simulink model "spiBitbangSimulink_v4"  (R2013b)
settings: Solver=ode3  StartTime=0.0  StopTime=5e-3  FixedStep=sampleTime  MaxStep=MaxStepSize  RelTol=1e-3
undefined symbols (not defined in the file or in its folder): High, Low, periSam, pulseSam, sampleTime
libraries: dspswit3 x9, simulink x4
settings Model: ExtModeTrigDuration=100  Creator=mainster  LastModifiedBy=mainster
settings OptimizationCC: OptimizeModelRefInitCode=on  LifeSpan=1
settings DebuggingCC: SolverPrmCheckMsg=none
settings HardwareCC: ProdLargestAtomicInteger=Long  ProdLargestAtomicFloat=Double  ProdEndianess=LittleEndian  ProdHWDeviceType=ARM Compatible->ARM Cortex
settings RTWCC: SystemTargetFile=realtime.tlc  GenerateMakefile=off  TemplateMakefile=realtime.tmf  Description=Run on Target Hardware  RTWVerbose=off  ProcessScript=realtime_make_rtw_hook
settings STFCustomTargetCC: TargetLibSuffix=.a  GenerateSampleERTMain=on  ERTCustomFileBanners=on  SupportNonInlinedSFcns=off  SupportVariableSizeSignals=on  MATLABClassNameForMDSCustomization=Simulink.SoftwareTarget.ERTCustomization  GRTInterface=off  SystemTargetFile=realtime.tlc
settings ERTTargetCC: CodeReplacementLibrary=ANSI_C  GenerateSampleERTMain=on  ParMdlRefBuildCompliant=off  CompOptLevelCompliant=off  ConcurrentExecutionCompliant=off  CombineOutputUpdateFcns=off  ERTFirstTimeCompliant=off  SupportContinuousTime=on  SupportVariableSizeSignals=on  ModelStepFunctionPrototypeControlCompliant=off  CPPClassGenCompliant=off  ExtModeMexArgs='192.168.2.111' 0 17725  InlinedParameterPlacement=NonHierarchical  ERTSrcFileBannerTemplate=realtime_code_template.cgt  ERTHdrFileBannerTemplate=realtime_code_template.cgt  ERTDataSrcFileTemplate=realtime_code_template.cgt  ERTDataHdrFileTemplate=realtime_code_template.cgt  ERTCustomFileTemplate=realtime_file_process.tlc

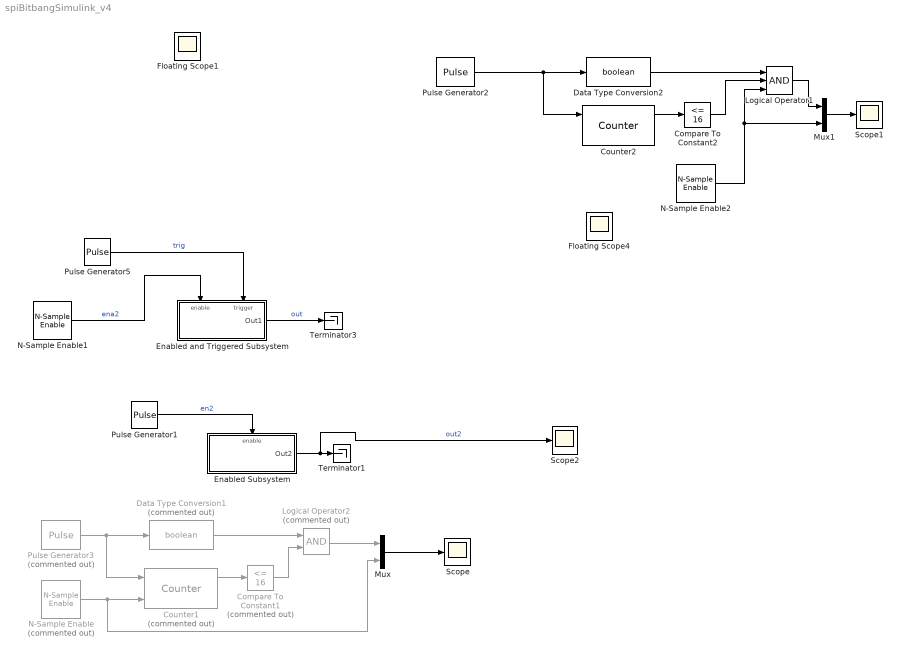
== system spiBitbangSimulink_v4 ==
  Compare To Constant1 : simulink/Logic and Bit Operations/Compare To Constant  Commented=on  relop=<=  const=16  OutDataTypeStr=boolean
  Compare To Constant2 : simulink/Logic and Bit Operations/Compare To Constant  relop=<=  const=16  OutDataTypeStr=boolean
  Counter1 : dspswit3/Counter  Commented=on  Direction=Down  CountEvent=Rising edge  CounterSize=User defined  MaxCount=20  InitialCount=0  Output=Count and Hit  HitValue=4  ResetInput=on  SamplesPerFrame=1  Ts=1  CntDtype=double  HitDtype=Logical
  Counter2 : dspswit3/Counter  Direction=Down  CountEvent=Rising edge  CounterSize=User defined  MaxCount=20  InitialCount=0  Output=Count and Hit  HitValue=4  ResetInput=on  SamplesPerFrame=1  Ts=1  CntDtype=double  HitDtype=Logical
  Data Type Conversion1 : DataTypeConversion  Commented=on  OutDataTypeStr=boolean
  Data Type Conversion2 : DataTypeConversion  OutDataTypeStr=boolean
  Enabled Subsystem : Subsystem  TreatAsAtomicUnit=on
  Enabled and Triggered Subsystem : Subsystem  TreatAsAtomicUnit=on
  Floating Scope4 : Scope  NumInputPorts=3
      settings: Floating=on  TimeRange=0.005  YMin=-0.1~-0.1~-0.1  YMax=1.1~1.1~1.1  SaveName=ScopeData5
  Logical Operator1 : Logic  Inputs=3  AllPortsSameDT=off  OutDataTypeStr=boolean
  Logical Operator2 : Logic  Commented=on  AllPortsSameDT=off  OutDataTypeStr=boolean
  Mux : Mux  Inputs=2
  Mux1 : Mux  Inputs=2
  N-Sample Enable : dspswit3/N-Sample Enable  Commented=on  N=250  ActiveLevel=High (1)  reset=off  TriggerType=Rising edge  Ts=sampleTime  DataType=Logical
  N-Sample Enable1 : dspswit3/N-Sample Enable  N=250  ActiveLevel=High (1)  reset=off  TriggerType=Rising edge  Ts=sampleTime  DataType=Logical
  N-Sample Enable2 : dspswit3/N-Sample Enable  N=16*periSam  ActiveLevel=Low (0)  reset=off  TriggerType=Rising edge  Ts=-1  DataType=Logical
  Pulse Generator1 : DiscretePulseGenerator  Period=800  PulseWidth=700  SampleTime=-1
  Pulse Generator2 : DiscretePulseGenerator  Period=periSam  PulseWidth=pulseSam  SampleTime=-1
  Pulse Generator3 : DiscretePulseGenerator  Commented=on  Period=50  PulseWidth=25  SampleTime=sampleTime
  Pulse Generator5 : DiscretePulseGenerator  Period=200  PulseWidth=150  SampleTime=-1
  Scope : Scope
      settings: SaveName=ScopeData2
  Scope1 : Scope
      settings: TimeRange=0.005  YMin=-0.1  YMax=1.1
  Scope2 : Scope
      settings: TimeRange=0.005  YMin=-0.1  YMax=1.1
  Terminator1 : Terminator
  Terminator3 : Terminator
  Floating Scope1 : Scope
      settings: Floating=on  SaveName=ScopeData3
  wires:
  Pulse Generator3/1 -> Counter1/1, Data Type Conversion1/1
  N-Sample Enable/1 -> Counter1/2, Mux/2
  Data Type Conversion1/1 -> Logical Operator2/1
  Logical Operator2/1 -> Mux/1
  Mux/1 -> Scope/1
  Counter1/1 -> Compare To Constant1/1
  Compare To Constant1/1 -> Logical Operator2/2
  Enabled and Triggered Subsystem/1(Out1) -> Terminator3/1  "out"
  Pulse Generator5/1 -> Enabled and Triggered Subsystem/Trigger  "trig"
  N-Sample Enable1/1 -> Enabled and Triggered Subsystem/Enable  "ena2"
  Enabled Subsystem/1(Out2) -> Scope2/1, Terminator1/1  "out2"
  Pulse Generator1/1 -> Enabled Subsystem/Enable  "en2"
  Pulse Generator2/1 -> Counter2/1, Data Type Conversion2/1
  Data Type Conversion2/1 -> Logical Operator1/1
  Counter2/1 -> Compare To Constant2/1
  Compare To Constant2/1 -> Logical Operator1/2
  N-Sample Enable2/1 -> Mux1/2, Logical Operator1/3
  Mux1/1 -> Scope1/1
  Logical Operator1/1 -> Mux1/1

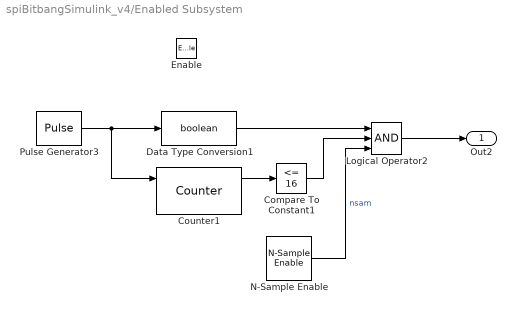
== system spiBitbangSimulink_v4/Enabled Subsystem ==
  Enable : EnablePort  StatesWhenEnabling=reset
  Compare To Constant1 : simulink/Logic and Bit Operations/Compare To Constant  relop=<=  const=16  OutDataTypeStr=boolean
  Counter1 : dspswit3/Counter  Direction=Down  CountEvent=Rising edge  CounterSize=User defined  MaxCount=16  InitialCount=0  Output=Count and Hit  HitValue=4  ResetInput=on  SamplesPerFrame=1  Ts=1  CntDtype=double  HitDtype=Logical
  Data Type Conversion1 : DataTypeConversion  OutDataTypeStr=boolean
  Logical Operator2 : Logic  Inputs=3  AllPortsSameDT=off  OutDataTypeStr=boolean
  N-Sample Enable : dspswit3/N-Sample Enable  N=16*periSam  ActiveLevel=Low (0)  reset=off  TriggerType=Rising edge  Ts=-1  DataType=Logical
  Pulse Generator3 : DiscretePulseGenerator  Period=periSam  PulseWidth=pulseSam  SampleTime=-1
  Out2 : Outport
  wires:
  Pulse Generator3/1 -> Counter1/1, Data Type Conversion1/1
  Data Type Conversion1/1 -> Logical Operator2/1
  Counter1/1 -> Compare To Constant1/1
  Compare To Constant1/1 -> Logical Operator2/2
  Logical Operator2/1 -> Out2/1
  N-Sample Enable/1 -> Logical Operator2/3  "nsam"

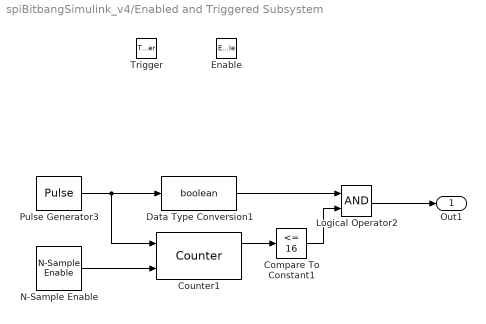
== system spiBitbangSimulink_v4/Enabled and Triggered Subsystem ==
  Enable : EnablePort
  Trigger : TriggerPort
  Compare To Constant1 : simulink/Logic and Bit Operations/Compare To Constant  relop=<=  const=16  OutDataTypeStr=boolean
  Counter1 : dspswit3/Counter  Direction=Down  CountEvent=Rising edge  CounterSize=User defined  MaxCount=20  InitialCount=0  Output=Count and Hit  HitValue=4  ResetInput=on  SamplesPerFrame=1  Ts=1  CntDtype=double  HitDtype=Logical
  Data Type Conversion1 : DataTypeConversion  OutDataTypeStr=boolean
  Logical Operator2 : Logic  AllPortsSameDT=off  OutDataTypeStr=boolean
  N-Sample Enable : dspswit3/N-Sample Enable  N=250  ActiveLevel=High (1)  reset=off  TriggerType=Rising edge  Ts=-1  DataType=Logical
  Pulse Generator3 : DiscretePulseGenerator  Period=50  PulseWidth=25  SampleTime=-1
  Out1 : Outport
  wires:
  Pulse Generator3/1 -> Counter1/1, Data Type Conversion1/1
  N-Sample Enable/1 -> Counter1/2
  Data Type Conversion1/1 -> Logical Operator2/1
  Counter1/1 -> Compare To Constant1/1
  Compare To Constant1/1 -> Logical Operator2/2
  Logical Operator2/1 -> Out1/1

Your assignment:
Extract exactly the leading lines of the data, stopping at and including the line with "settings DebuggingCC: SolverPrmCheckMsg=none".

Answer space:
simulink model "spiBitbangSimulink_v4"  (R2013b)
settings: Solver=ode3  StartTime=0.0  StopTime=5e-3  FixedStep=sampleTime  MaxStep=MaxStepSize  RelTol=1e-3
undefined symbols (not defined in the file or in its folder): High, Low, periSam, pulseSam, sampleTime
libraries: dspswit3 x9, simulink x4
settings Model: ExtModeTrigDuration=100  Creator=mainster  LastModifiedBy=mainster
settings OptimizationCC: OptimizeModelRefInitCode=on  LifeSpan=1
settings DebuggingCC: SolverPrmCheckMsg=none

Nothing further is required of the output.